NASA recently announced the continuation of a two-phase $750K STTR Research Award on Free-Flying Unmanned Robotic Spacecraft for Asteroid Resource Prospecting and Characterization. ERAU Faculties Dr. Hever Moncayo as PI and Dr. Richard Prazenica as Co-PI, and the Research Engineer Dr. Kris Zacny from HoneyBee Robotics Company as Co-PI are leading the effort. Dr. Sergey Drakunov from the ERAU Physical Sciences Department is also collaborating on this research effort.

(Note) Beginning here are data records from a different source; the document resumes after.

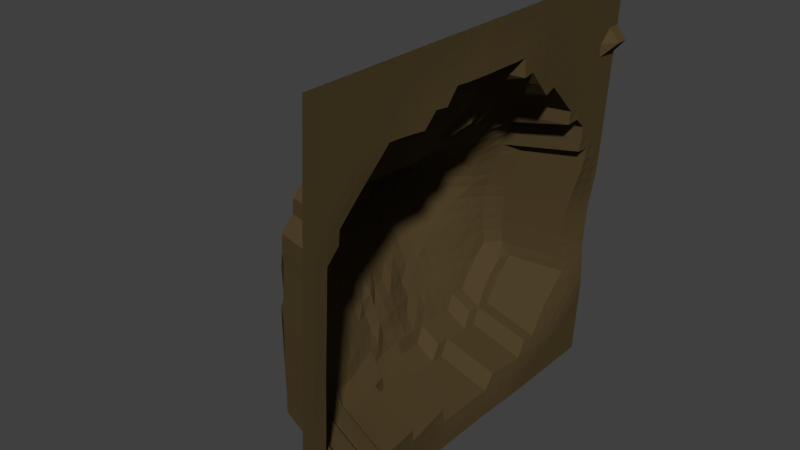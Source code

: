 # Source: BJEGSIDE.blend  (saved by Blender 2.76.0; exported with 4.5.12 LTS)
import bpy
from mathutils import Matrix  # noqa: F401  (used for matrix-valued properties, if any)

bpy.ops.wm.read_factory_settings(use_empty=True)
scene = bpy.context.scene
scene.name = 'Scene'

# ---- collections
col_collection_1 = bpy.data.collections.new('Collection 1'); scene.collection.children.link(col_collection_1)

# ---- materials (node trees are filled in below, after node groups)
mat_material_001 = bpy.data.materials.new('Material.001')
mat_material_001.alpha_threshold = 0.0
mat_material_001.use_transparent_shadow = False
mat_material_001.diffuse_color = (0.07658, 0.05235, 0.02224, 1.0)
mat_material_001.roughness = 0.5

# ---- material node trees

# ---- world
world_world = bpy.data.worlds.new('World'); scene.world = world_world
world_world.color = (0.05088, 0.05088, 0.05088)
world_world.use_sun_shadow = False
world_world.sun_shadow_jitter_overblur = 0.0
world_world.cycles.sampling_method = 'MANUAL'
world_world.cycles.sample_map_resolution = 256

# ---- meshes
me_plane_001 = bpy.data.meshes.new('Plane.001')
me_plane_001.from_pydata([(0.1842, -1.0, -1.057), (0.2922, -1.0, 0.9405), (0.1842, 1.0, -1.057), (0.2922, 1.0, 0.9405), (0.1777, 0.0, -1.056), (0.2382, -1.0, -0.05806), (0.2924, 0.0, 0.9399), (0.2346, 1.0, -0.05786), (-0.6113, -5.859e-06, -0.01624), (0.1842, -0.5, -1.057), (0.2652, -1.0, 0.4412), (0.2922, 0.5, 0.9405), (0.2014, 1.0, -0.5568), (0.1841, 0.5, -1.057), (0.2111, -0.9997, -0.5584), (0.2922, -0.5, 0.9405), (0.2652, 1.0, 0.4412), (-0.4553, 0.5, -0.03573), (-0.2952, -0.498, -0.115), (-0.2996, 0.00258, -0.54), (-0.09036, -0.0001807, 0.2998), (-0.03449, -0.501, 0.4147), (-0.1576, -0.4843, -0.5999), (-0.2843, 0.5, -0.5305), (0.01011, 0.5, 0.4087), (0.1842, -0.75, -1.057), (0.2787, -1.0, 0.6908), (0.2922, 0.75, 0.9405), (0.1977, 1.0, -0.807), (0.1783, 0.25, -1.056), (0.2247, -0.9998, -0.3086), (0.2922, -0.25, 0.9404), (0.2517, 1.0, 0.1916), (-0.1818, 0.75, -0.0376), (-0.4494, -0.2498, -0.07929), (-0.1153, 0.0002293, -0.7867), (-0.4187, -0.0005233, 0.09767), (0.1832, -0.25, -1.057), (0.2517, -1.0, 0.1916), (0.2922, 0.25, 0.9398), (0.2028, 1.0, -0.3065), (0.1842, 0.75, -1.057), (0.1977, -1.0, -0.807), (0.2922, -0.75, 0.9405), (0.2787, 1.0, 0.6908), (-0.6074, 0.25, -0.02225), (-0.06546, -0.7487, -0.05662), (-0.4486, 0.00108, -0.2756), (0.1008, 0.0, 0.6707), (-0.0802, -0.2509, 0.3543), (0.2603, -0.7502, 0.4364), (-0.2476, -0.5036, 0.1064), (0.2802, -0.5, 0.69), (-0.241, -0.236, -0.5887), (-0.1246, -0.7426, -0.5687), (0.1968, -0.4954, -0.8255), (-0.2329, -0.4845, -0.3533), (-0.1256, 0.75, -0.5349), (-0.3459, 0.25, -0.5272), (-0.09246, 0.5, -0.7871), (-0.3808, 0.5, -0.2749), (0.2649, 0.75, 0.4352), (-0.07749, 0.25, 0.3095), (-0.2405, 0.5, 0.131), (0.2812, 0.5, 0.6799), (0.2969, 0.25, 0.6477), (-0.3736, 0.25, 0.09753), (-0.08937, 0.75, 0.2022), (-0.4774, 0.25, -0.2698), (-0.1139, 0.25, -0.7859), (0.1879, 0.75, -0.8064), (-0.1318, -0.7428, -0.3174), (0.1975, -0.7485, -0.8128), (-0.07971, -0.2461, -0.8032), (0.2787, -0.75, 0.6908), (-0.04672, -0.7506, 0.1909), (-0.385, -0.2535, 0.05783), (0.2902, -0.25, 0.6697), (-0.3523, -0.2407, -0.3207), (-0.2346, 0.75, -0.2828), (0.2787, 0.75, 0.6908), (0.1842, -0.875, -1.057), (0.2855, -1.0, 0.8157), (0.2922, 0.875, 0.9405), (0.1909, 1.0, -0.9318), (0.1777, 0.125, -1.056), (0.2314, -1.0, -0.183), (0.2923, -0.125, 0.94), (0.245, 1.0, 0.06676), (0.2091, 0.875, -0.05648), (-0.516, -0.1255, -0.04149), (0.165, 0.0, -0.9304), (-0.5858, -7.904e-05, 0.06595), (0.1842, -0.375, -1.057), (0.2585, -1.0, 0.3164), (0.2922, 0.375, 0.9404), (0.1974, 1.0, -0.4314), (0.1842, 0.625, -1.057), (0.2044, -1.0, -0.6823), (0.2922, -0.625, 0.9405), (0.272, 1.0, 0.566), (-0.5544, 0.375, -0.02935), (-0.1951, -0.6226, -0.086), (-0.3651, 0.002458, -0.4108), (0.1117, 0.0, 0.4861), (-0.09657, -0.1256, 0.3037), (-0.03017, -0.6256, 0.4407), (-0.2968, -0.5019, -0.008282), (-0.009012, -0.5002, 0.5714), (-0.2879, -0.1177, -0.5596), (-0.1384, -0.6112, -0.5936), (0.1908, -0.4989, -0.9362), (-0.1919, -0.4793, -0.4928), (0.166, 0.875, -0.5549), (-0.3208, 0.375, -0.5285), (0.1869, 0.5, -0.9316), (-0.33, 0.5, -0.4029), (0.2652, 0.875, 0.441), (0.002829, 0.375, 0.358), (-0.3826, 0.5, 0.06218), (0.2795, 0.5, 0.5345), (0.1842, -0.625, -1.057), (0.272, -1.0, 0.566), (0.2922, 0.625, 0.9405), (0.2042, 1.0, -0.6821), (0.1815, 0.375, -1.056), (0.2179, -0.9997, -0.4337), (0.2922, -0.375, 0.9405), (0.2585, 1.0, 0.3164), (-0.3101, 0.625, -0.04045), (-0.385, -0.3736, -0.1164), (-0.2471, 0.001512, -0.6637), (-0.2498, -0.0006182, 0.1528), (0.1796, -0.125, -1.056), (0.245, -1.0, 0.06676), (0.2923, 0.125, 0.9398), (0.2157, 1.0, -0.182), (0.1842, 0.875, -1.057), (0.1909, -1.0, -0.9318), (0.2922, -0.875, 0.9405), (0.2855, 1.0, 0.8157), (-0.5963, 0.125, -0.02062), (0.2364, -0.8748, -0.05936), (-0.5331, 1.187e-05, -0.1425), (0.2911, 0.0, 0.8047), (-0.08722, -0.3761, 0.3851), (0.2652, -0.875, 0.4412), (-0.1527, -0.5024, 0.2502), (0.2855, -0.5, 0.8157), (-0.1949, -0.3543, -0.6178), (0.2108, -0.8724, -0.5679), (-0.06111, -0.4896, -0.705), (-0.2705, -0.4924, -0.2218), (-0.2444, 0.625, -0.5327), (-0.3107, 0.1252, -0.53), (-0.2229, 0.5, -0.659), (-0.433, 0.5, -0.1512), (0.2664, 0.625, 0.4214), (-0.08726, 0.125, 0.2878), (-0.1389, 0.5, 0.2657), (0.2856, 0.5, 0.815), (0.2885, 0.375, 0.662), (0.09248, 0.125, 0.6673), (0.0489, 0.25, 0.4825), (0.2898, 0.25, 0.8048), (-0.3413, 0.375, 0.09979), (-0.3962, 0.125, 0.1019), (-0.5654, 0.25, 0.05604), (-0.2164, 0.25, 0.1609), (0.2517, 0.875, 0.1911), (-0.1483, 0.625, 0.1869), (-0.1327, 0.75, 0.0821), (0.2577, 0.75, 0.3074), (-0.4418, 0.375, -0.2718), (-0.465, 0.125, -0.2704), (-0.3971, 0.25, -0.3992), (-0.5485, 0.25, -0.1447), (-0.1038, 0.375, -0.7865), (-0.1927, 0.125, -0.7858), (0.1668, 0.25, -0.9305), (-0.249, 0.25, -0.6576), (0.1975, 0.875, -0.807), (0.1748, 0.625, -0.8057), (0.1909, 0.75, -0.9318), (0.1594, 0.75, -0.6797), (-0.1717, -0.6111, -0.3448), (0.2218, -0.8725, -0.3175), (-0.1291, -0.7421, -0.4451), (-0.1299, -0.7457, -0.1848), (0.1973, -0.6222, -0.818), (0.1976, -0.8747, -0.808), (0.1909, -0.75, -0.9319), (0.2038, -0.7455, -0.6999), (-0.1006, -0.1233, -0.7936), (0.1897, -0.3702, -0.8258), (0.1819, -0.2492, -0.9346), (-0.1831, -0.2414, -0.6954), (0.2787, -0.625, 0.6908), (0.2787, -0.875, 0.6908), (0.272, -0.75, 0.5659), (0.2855, -0.75, 0.8157), (-0.1465, -0.6268, 0.1581), (0.2499, -0.8751, 0.1892), (-0.111, -0.7504, 0.06879), (-0.03527, -0.7505, 0.3205), (-0.4198, -0.1266, 0.08741), (-0.3475, -0.3795, 0.06414), (-0.4534, -0.2523, 0.005045), (-0.2387, -0.2525, 0.1501), (0.05978, -0.125, 0.6742), (0.285, -0.375, 0.6836), (0.01157, -0.2501, 0.5354), (0.2874, -0.25, 0.8107), (-0.4145, -0.1207, -0.2916), (-0.2908, -0.3595, -0.3519), (-0.2999, -0.2347, -0.4657), (-0.4161, -0.2461, -0.1909), (0.1538, 0.875, -0.3039), (-0.3028, 0.625, -0.2791), (-0.2305, 0.75, -0.4082), (-0.2215, 0.75, -0.1584), (0.2787, 0.875, 0.6908), (0.2787, 0.625, 0.6897), (0.2719, 0.75, 0.5644), (0.2855, 0.75, 0.8157), (0.2855, 0.625, 0.8157), (0.273, 0.625, 0.5575), (0.272, 0.875, 0.566), (-0.3276, 0.625, -0.1552), (-0.2734, 0.625, -0.4059), (0.1497, 0.875, -0.4288), (-0.3411, -0.3676, -0.2208), (-0.2436, -0.3543, -0.49), (-0.3445, -0.1177, -0.4313), (0.2862, -0.375, 0.8151), (0.000816, -0.3752, 0.5559), (0.09238, -0.1251, 0.5021), (-0.1828, -0.3775, 0.2126), (-0.4177, -0.3781, -0.03844), (-0.4997, -0.126, 0.02526), (0.2576, -0.875, 0.3152), (0.2438, -0.875, 0.06506), (-0.1751, -0.6258, 0.03783), (0.2855, -0.875, 0.8157), (0.272, -0.875, 0.566), (0.2696, -0.6251, 0.5622), (-0.1545, -0.3639, -0.7071), (0.1895, -0.3738, -0.9363), (0.1707, -0.1248, -0.9314), (0.2042, -0.8735, -0.688), (0.1909, -0.875, -0.9318), (0.1909, -0.6245, -0.9338), (0.2284, -0.8736, -0.1882), (0.2172, -0.8722, -0.4435), (-0.1526, -0.6093, -0.475), (-0.1242, 0.625, -0.6602), (0.1909, 0.625, -0.9318), (0.1909, 0.875, -0.9318), (-0.2501, 0.125, -0.6577), (0.165, 0.125, -0.9304), (0.1765, 0.375, -0.931), (-0.5578, 0.125, -0.1418), (-0.3888, 0.1252, -0.4004), (-0.3847, 0.375, -0.3999), (-0.01263, 0.625, 0.307), (-0.2411, 0.625, 0.06996), (0.2406, 0.875, 0.06698), (-0.2336, 0.1249, 0.1569), (-0.5659, 0.125, 0.05915), (-0.4991, 0.375, 0.04504), (0.2905, 0.125, 0.8043), (0.05871, 0.125, 0.477), (0.03777, 0.375, 0.5172), (0.2875, 0.375, 0.81), (-0.1832, 0.375, 0.1963), (0.2584, 0.875, 0.3156), (-0.5142, 0.375, -0.1476), (-0.2464, 0.375, -0.6577), (0.1898, 0.875, -0.6814), (-0.1887, -0.6174, -0.2093), (-0.0529, -0.6176, -0.6936), (-0.2178, -0.1205, -0.6771), (0.2855, -0.625, 0.8157), (-0.05884, -0.6263, 0.2945), (-0.2643, -0.1267, 0.1535), (0.2895, -0.125, 0.8058), (-0.4784, -0.124, -0.1577), (0.1731, 0.875, -0.1797), (0.2855, 0.875, 0.8157), (0.1842, -0.9375, -1.057), (0.2889, -1.0, 0.8781), (0.2922, 0.9375, 0.9405), (0.1875, 1.0, -0.9942), (0.1777, 0.0625, -1.056), (0.2348, -1.0, -0.1205), (0.2924, -0.0625, 0.9399), (0.2414, 1.0, 0.004359), (0.2238, 0.9375, -0.05728), (-0.5576, -0.06268, -0.02683), (0.173, 0.0, -0.9934), (-0.5991, -3.678e-05, 0.03943), (0.1842, -0.4375, -1.057), (0.2618, -1.0, 0.3788), (0.2922, 0.4375, 0.9405), (0.1986, 1.0, -0.4941), (0.1842, 0.5625, -1.057), (0.2078, -0.9998, -0.6204), (0.2922, -0.5625, 0.9405), (0.2686, 1.0, 0.5036), (-0.5201, 0.4375, -0.03099), (-0.2455, -0.5602, -0.1008), (-0.3213, 0.002608, -0.4763), (-0.04815, -3.361e-05, 0.3773), (-0.09519, -0.06289, 0.3024), (-0.03351, -0.5634, 0.429), (-0.3048, -0.5003, -0.06555), (-0.01882, -0.5006, 0.4951), (-0.3071, -0.05793, -0.5475), (-0.1473, -0.5468, -0.6007), (0.1875, -0.4998, -0.9952), (-0.1742, -0.4793, -0.5564), (0.1855, 0.9375, -0.5559), (-0.3055, 0.4375, -0.5294), (0.1862, 0.5, -0.9941), (-0.3101, 0.5, -0.4665), (0.2652, 0.9375, 0.4412), (0.00612, 0.4375, 0.3841), (-0.4357, 0.5, 0.01716), (0.02472, 0.5, 0.4795), (0.1842, -0.6875, -1.057), (0.2754, -1.0, 0.6284), (0.2922, 0.6875, 0.9405), (0.2011, 1.0, -0.7446), (0.1797, 0.3125, -1.056), (0.2213, -0.9997, -0.3712), (0.2922, -0.3125, 0.9405), (0.2551, 1.0, 0.254), (-0.2409, 0.6875, -0.03887), (-0.4194, -0.3117, -0.102), (-0.2129, 0.0007797, -0.7253), (-0.3347, -0.0006404, 0.1029), (0.1815, -0.1875, -1.056), (0.2483, -1.0, 0.1292), (0.2923, 0.1875, 0.9397), (0.2078, 1.0, -0.2442), (0.1842, 0.8125, -1.057), (0.1943, -1.0, -0.8694), (0.2922, -0.8125, 0.9405), (0.2821, 1.0, 0.7533), (-0.5994, 0.1875, -0.02203), (-0.04644, -0.8119, -0.04677), (-0.4927, 0.0003599, -0.208), (0.2939, 0.0, 0.7311), (-0.08509, -0.3135, 0.371), (0.2642, -0.8125, 0.44), (-0.2028, -0.5032, 0.168), (0.2824, -0.5, 0.7532), (-0.2161, -0.297, -0.5963), (-0.06158, -0.8078, -0.5583), (-0.0567, -0.4927, -0.7554), (-0.2529, -0.4887, -0.284), (-0.2246, 0.6875, -0.5337), (-0.3282, 0.1875, -0.5281), (-0.1178, 0.5, -0.7231), (-0.4109, 0.5, -0.2119), (0.2654, 0.6875, 0.4298), (-0.08606, 0.1875, 0.2791), (-0.1852, 0.5, 0.1845), (0.2831, 0.5, 0.7493), (0.2844, 0.4375, 0.6714), (0.09222, 0.1875, 0.6649), (0.03969, 0.25, 0.3891), (0.2919, 0.25, 0.7297), (-0.2959, 0.4375, 0.1057), (-0.3904, 0.1875, 0.1022), (-0.5877, 0.25, 0.03145), (-0.2949, 0.25, 0.1165), (0.2517, 0.9375, 0.1916), (-0.1133, 0.6875, 0.1959), (-0.1586, 0.75, 0.02217), (0.0004391, 0.75, 0.2631), (-0.4187, 0.4375, -0.2729), (-0.4755, 0.1875, -0.2698), (-0.3668, 0.25, -0.4635), (-0.5164, 0.25, -0.2065), (-0.09877, 0.4375, -0.7867), (-0.1923, 0.1875, -0.7859), (0.1741, 0.25, -0.9935), (-0.2177, 0.25, -0.7219), (0.1977, 0.9375, -0.807), (0.1816, 0.6875, -0.8061), (0.1875, 0.75, -0.9942), (0.1755, 0.75, -0.7432), (-0.202, -0.5468, -0.353), (-0.05895, -0.8079, -0.3073), (-0.1264, -0.7421, -0.5082), (-0.1308, -0.744, -0.2508), (0.1971, -0.5587, -0.8223), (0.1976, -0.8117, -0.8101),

In this project, Embry-Riddle Aeronautical University (ERAU) and Honeybee Robotics (HBR) are developing an integrated autonomous free-flyer robotic spacecraft system to support the exploration and subsequent resource utilization of asteroids as well as other planetary bodies and moons. The proposed spacecraft will address the first step towards In Situ Resource Utilization from Near Earth Object bodies; namely it will prospect it with sample acquisition devices and characterize the NEO for ISRU potential. The research team will focus on an innovative resource prospecting mission concept based on autonomous small marsupial free-flyer prospector spacecraft. Such technologies are currently being developed at ERAU. The spacecraft will utilize unique technologies such as MicroDrills and Pneumatic Samplers previously developed under other SBIR projects by Honeybee Robotics. In particular, the project focuses on flight control and reconfiguration for guidance under extreme environments, vision-aided navigation approaches, and sampling systems design, testing and evaluation. The successful completion of this research effort is anticipated to provide a theoretical and experimental framework to investigate the capabilities of a marsupial-based robotic system to explore and extract samples from terrains that would be inaccessible to traditional rover-type vehicles and where traditional flight guidance and navigation sensors, such as GPS receivers and magnetometers, are not functional.